What the exercise asks:
Count how many lines below include the string "NumInputPorts", and give that number without anything else.

[Records excerpted from a collection]
------------------------------

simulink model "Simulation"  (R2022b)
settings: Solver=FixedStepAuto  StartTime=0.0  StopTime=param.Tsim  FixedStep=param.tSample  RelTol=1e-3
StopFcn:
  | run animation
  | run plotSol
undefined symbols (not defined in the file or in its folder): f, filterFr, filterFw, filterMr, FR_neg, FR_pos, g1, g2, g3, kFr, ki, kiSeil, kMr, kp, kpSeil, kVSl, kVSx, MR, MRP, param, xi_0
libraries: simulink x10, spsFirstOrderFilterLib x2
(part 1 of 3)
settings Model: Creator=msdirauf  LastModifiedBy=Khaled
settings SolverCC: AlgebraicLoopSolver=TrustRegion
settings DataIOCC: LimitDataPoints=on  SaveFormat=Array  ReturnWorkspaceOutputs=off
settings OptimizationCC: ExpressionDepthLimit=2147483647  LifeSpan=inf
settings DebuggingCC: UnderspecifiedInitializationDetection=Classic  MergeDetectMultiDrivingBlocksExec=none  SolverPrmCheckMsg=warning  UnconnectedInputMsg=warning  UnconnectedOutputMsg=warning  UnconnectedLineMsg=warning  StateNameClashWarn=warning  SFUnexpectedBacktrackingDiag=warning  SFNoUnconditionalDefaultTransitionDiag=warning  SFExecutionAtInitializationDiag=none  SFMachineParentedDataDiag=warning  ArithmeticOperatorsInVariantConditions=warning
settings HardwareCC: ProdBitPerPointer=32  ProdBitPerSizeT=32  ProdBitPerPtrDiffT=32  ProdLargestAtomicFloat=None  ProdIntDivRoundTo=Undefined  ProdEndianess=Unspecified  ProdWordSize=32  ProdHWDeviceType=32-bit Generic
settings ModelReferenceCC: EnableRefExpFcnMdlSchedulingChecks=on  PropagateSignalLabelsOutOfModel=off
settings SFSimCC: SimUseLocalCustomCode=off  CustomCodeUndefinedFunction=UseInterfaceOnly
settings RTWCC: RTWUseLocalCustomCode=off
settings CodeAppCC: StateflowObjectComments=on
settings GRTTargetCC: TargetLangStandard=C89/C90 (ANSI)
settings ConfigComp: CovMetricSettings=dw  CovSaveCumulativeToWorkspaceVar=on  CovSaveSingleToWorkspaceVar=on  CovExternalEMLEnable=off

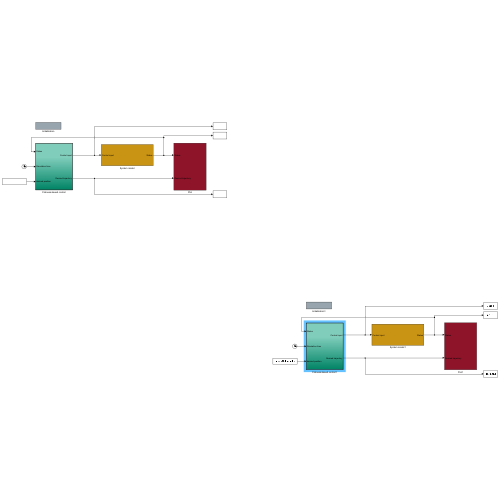
[thumbnail: Simulink's stored preview of the top-level diagram]
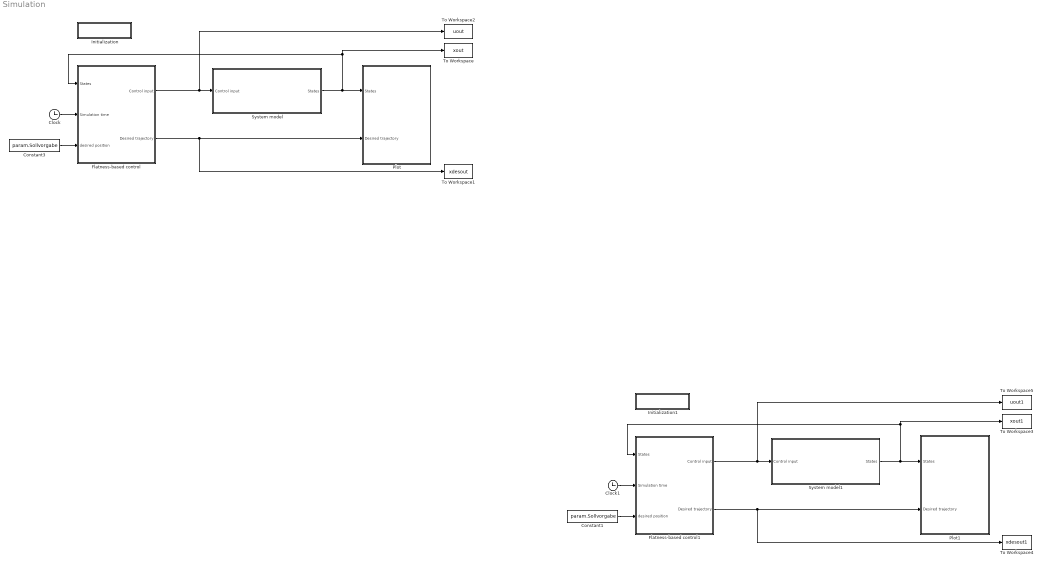
== system Simulation ==
  Clock : Clock
  Clock1 : Clock
  Constant1 : Constant  Value=param.Sollvorgabe
  Constant3 : Constant  Value=param.Sollvorgabe
  Flatness-based control : Subsystem  TreatAsAtomicUnit=on
  Flatness-based control1 : Subsystem  TreatAsAtomicUnit=on
  Initialization : Subsystem
      settings: OpenFcn=run Initialisierung_Simulation
  Initialization1 : Subsystem
      settings: OpenFcn=run Initialisierung_Simulation
  Plot : Subsystem
  Plot1 : Subsystem
  System model : Subsystem
  System model1 : Subsystem
  To Workspace : ToWorkspace  VariableName=xout  SaveFormat=Timeseries  SampleTime=-1
  To Workspace1 : ToWorkspace  VariableName=xdesout  SaveFormat=Timeseries  SampleTime=-1
  To Workspace2 : ToWorkspace  VariableName=uout  SaveFormat=Timeseries  SampleTime=-1
  To Workspace3 : ToWorkspace  VariableName=xout1  SaveFormat=Timeseries  SampleTime=-1
  To Workspace4 : ToWorkspace  VariableName=xdesout1  SaveFormat=Timeseries  SampleTime=-1
  To Workspace5 : ToWorkspace  VariableName=uout1  SaveFormat=Timeseries  SampleTime=-1
  wires:
  Flatness-based control/2(Desired trajectory) -> To Workspace1/1, Plot/2(Desired trajectory)
  Flatness-based control/1(Control input) -> To Workspace2/1, System model/1(Control input)
  Clock/1 -> Flatness-based control/2("Simulation time ")
  Constant3/1 -> Flatness-based control/3(desired position)
  System model/1(States) -> To Workspace/1, Flatness-based control/1(States), Plot/1(States)
  Flatness-based control1/2(Desired trajectory) -> To Workspace4/1, Plot1/2(Desired trajectory)
  Flatness-based control1/1(Control input) -> To Workspace5/1, System model1/1(Control input)
  Clock1/1 -> Flatness-based control1/2("Simulation time ")
  Constant1/1 -> Flatness-based control1/3(desired position)
  System model1/1(States) -> To Workspace3/1, Flatness-based control1/1(States), Plot1/1(States)

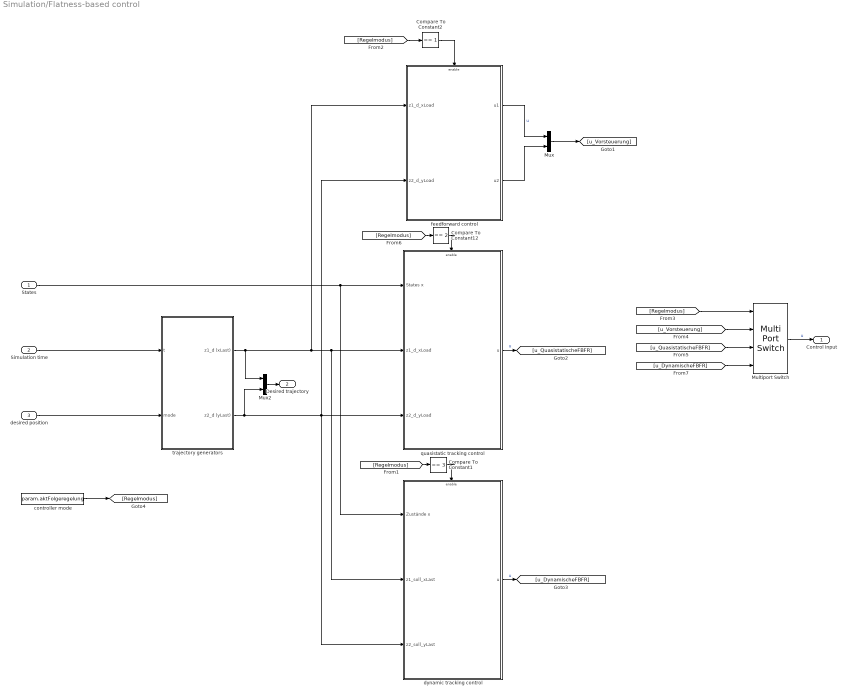
== system Simulation/Flatness-based control ==
  States : Inport
  "Simulation time " : Inport  Port=2
  desired position : Inport  Port=3
  Compare To Constant1 : simulink/Logic and Bit Operations/Compare To Constant  relop===  const=3  OutDataTypeStr=boolean  ZeroCross=off
  Compare To Constant12 : simulink/Logic and Bit Operations/Compare To Constant  relop===  const=2  OutDataTypeStr=boolean  ZeroCross=off
  Compare To Constant2 : simulink/Logic and Bit Operations/Compare To Constant  relop===  const=1  OutDataTypeStr=boolean  ZeroCross=off
  Multiport Switch : MultiPortSwitch  SaturateOnIntegerOverflow=off  InputSameDT=off
  Mux : Mux  Inputs=2
  Mux2 : Mux  Inputs=2
  controller mode : Constant  Value=param.aktFolgeregelung
  dynamic tracking control : Subsystem
  feedforward control : Subsystem
  quasistatic tracking control : Subsystem
  trajectory generators : Subsystem
  Control input : Outport  VectorParamsAs1DForOutWhenUnconnected=off
  Desired trajectory : Outport  Port=2  VectorParamsAs1DForOutWhenUnconnected=off
  wires:
  "Simulation time "/1 -> trajectory generators/1(t)
  trajectory generators/1(z1_d (xLast)) -> Mux2/1, feedforward control/1(z1_d_xLoad), quasistatic tracking control/2(z1_d_xLoad), dynamic tracking control/2(z1_soll_xLast)
  trajectory generators/2(z2_d (yLast)) -> Mux2/2, feedforward control/2(z2_d_yLoad), quasistatic tracking control/3(z2_d_yLoad), dynamic tracking control/3(z2_soll_yLast)
  desired position/1 -> trajectory generators/2(mode)
  Mux2/1 -> Desired trajectory/1
  States/1 -> quasistatic tracking control/1(States x), dynamic tracking control/1(Zustände x)
  Multiport Switch/1 -> Control input/1  "u"
  [Regelmodus] -> Multiport Switch/1
  quasistatic tracking control/1(u) -> [u_QuasistatischeFBFR]  "u"
  [u_QuasistatischeFBFR] -> Multiport Switch/3
  [u_DynamischeFBFR] -> Multiport Switch/4
  [u_Vorsteuerung] -> Multiport Switch/2
  dynamic tracking control/1(u) -> [u_DynamischeFBFR]  "u"
  controller mode/1 -> [Regelmodus]
  Compare To Constant2/1 -> feedforward control/Enable
  [Regelmodus] -> Compare To Constant2/1
  Compare To Constant12/1 -> quasistatic tracking control/Enable
  [Regelmodus] -> Compare To Constant12/1
  [Regelmodus] -> Compare To Constant1/1
  Compare To Constant1/1 -> dynamic tracking control/Enable
  feedforward control/1(u1) -> Mux/1  "u"
  Mux/1 -> [u_Vorsteuerung]
  feedforward control/2(u2) -> Mux/2

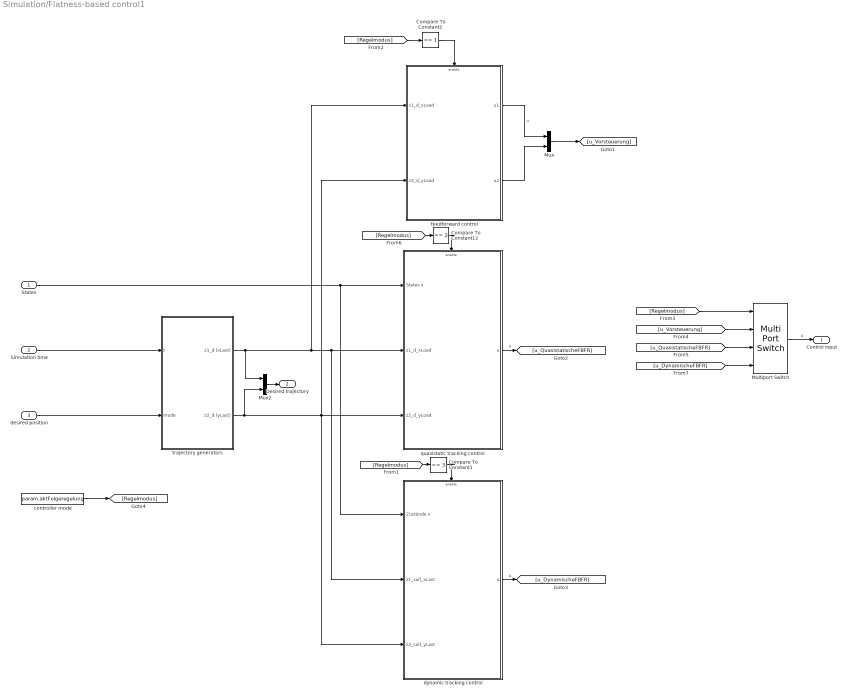
== system Simulation/Flatness-based control1 ==
  States : Inport
  "Simulation time " : Inport  Port=2
  desired position : Inport  Port=3
  Compare To Constant1 : simulink/Logic and Bit Operations/Compare To Constant  relop===  const=3  OutDataTypeStr=boolean  ZeroCross=off
  Compare To Constant12 : simulink/Logic and Bit Operations/Compare To Constant  relop===  const=2  OutDataTypeStr=boolean  ZeroCross=off
  Compare To Constant2 : simulink/Logic and Bit Operations/Compare To Constant  relop===  const=1  OutDataTypeStr=boolean  ZeroCross=off
  Multiport Switch : MultiPortSwitch  SaturateOnIntegerOverflow=off  InputSameDT=off
  Mux : Mux  Inputs=2
  Mux2 : Mux  Inputs=2
  controller mode : Constant  Value=param.aktFolgeregelung
  dynamic tracking control : Subsystem
  feedforward control : Subsystem
  quasistatic tracking control : Subsystem
  trajectory generators : Subsystem
  Control input : Outport  VectorParamsAs1DForOutWhenUnconnected=off
  Desired trajectory : Outport  Port=2  VectorParamsAs1DForOutWhenUnconnected=off
  wires:
  "Simulation time "/1 -> trajectory generators/1(t)
  trajectory generators/1(z1_d (xLast)) -> Mux2/1, feedforward control/1(z1_d_xLoad), quasistatic tracking control/2(z1_d_xLoad), dynamic tracking control/2(z1_soll_xLast)
  trajectory generators/2(z2_d (yLast)) -> Mux2/2, feedforward control/2(z2_d_yLoad), quasistatic tracking control/3(z2_d_yLoad), dynamic tracking control/3(z2_soll_yLast)
  desired position/1 -> trajectory generators/2(mode)
  Mux2/1 -> Desired trajectory/1
  States/1 -> quasistatic tracking control/1(States x), dynamic tracking control/1(Zustände x)
  Multiport Switch/1 -> Control input/1  "u"
  [Regelmodus] -> Multiport Switch/1
  quasistatic tracking control/1(u) -> [u_QuasistatischeFBFR]  "u"
  [u_QuasistatischeFBFR] -> Multiport Switch/3
  [u_DynamischeFBFR] -> Multiport Switch/4
  [u_Vorsteuerung] -> Multiport Switch/2
  dynamic tracking control/1(u) -> [u_DynamischeFBFR]  "u"
  controller mode/1 -> [Regelmodus]
  Compare To Constant2/1 -> feedforward control/Enable
  [Regelmodus] -> Compare To Constant2/1
  Compare To Constant12/1 -> quasistatic tracking control/Enable
  [Regelmodus] -> Compare To Constant12/1
  [Regelmodus] -> Compare To Constant1/1
  Compare To Constant1/1 -> dynamic tracking control/Enable
  feedforward control/1(u1) -> Mux/1  "u"
  Mux/1 -> [u_Vorsteuerung]
  feedforward control/2(u2) -> Mux/2

== system Simulation/Initialization ==

== system Simulation/Initialization1 ==

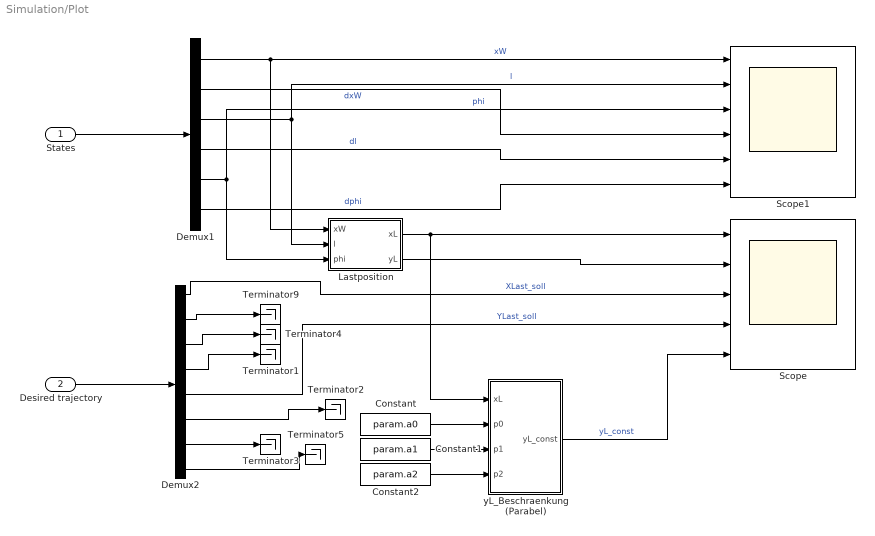
== system Simulation/Plot ==
  States : Inport
  Desired trajectory : Inport  Port=2
  Constant : Constant  Value=param.a0
  Constant1 : Constant  Value=param.a1
  Constant2 : Constant  Value=param.a2
  Demux1 : Demux  Outputs=6
  Demux2 : Demux  Outputs=8
  Lastposition : MATLAB Function  TreatAsAtomicUnit=on
  Scope : Scope  NumInputPorts=5
  Scope1 : Scope  NumInputPorts=6
  Terminator{1..5,9} (6 alike) : Terminator
  yL_Beschraenkung (Parabel) : MATLAB Function  TreatAsAtomicUnit=on
  wires:
  States/1 -> Demux1/1
  Desired trajectory/1 -> Demux2/1
  Demux2/1 -> Scope/3  "XLast_soll"
  Demux2/5 -> Scope/4  "YLast_soll"
  yL_Beschraenkung (Parabel)/1(yL_const) -> Scope/5  "yL_const"
  Demux1/1 -> Lastposition/1(xW), Scope1/1  "xW"
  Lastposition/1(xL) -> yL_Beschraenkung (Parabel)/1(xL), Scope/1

------------------------------

Response to this task:
2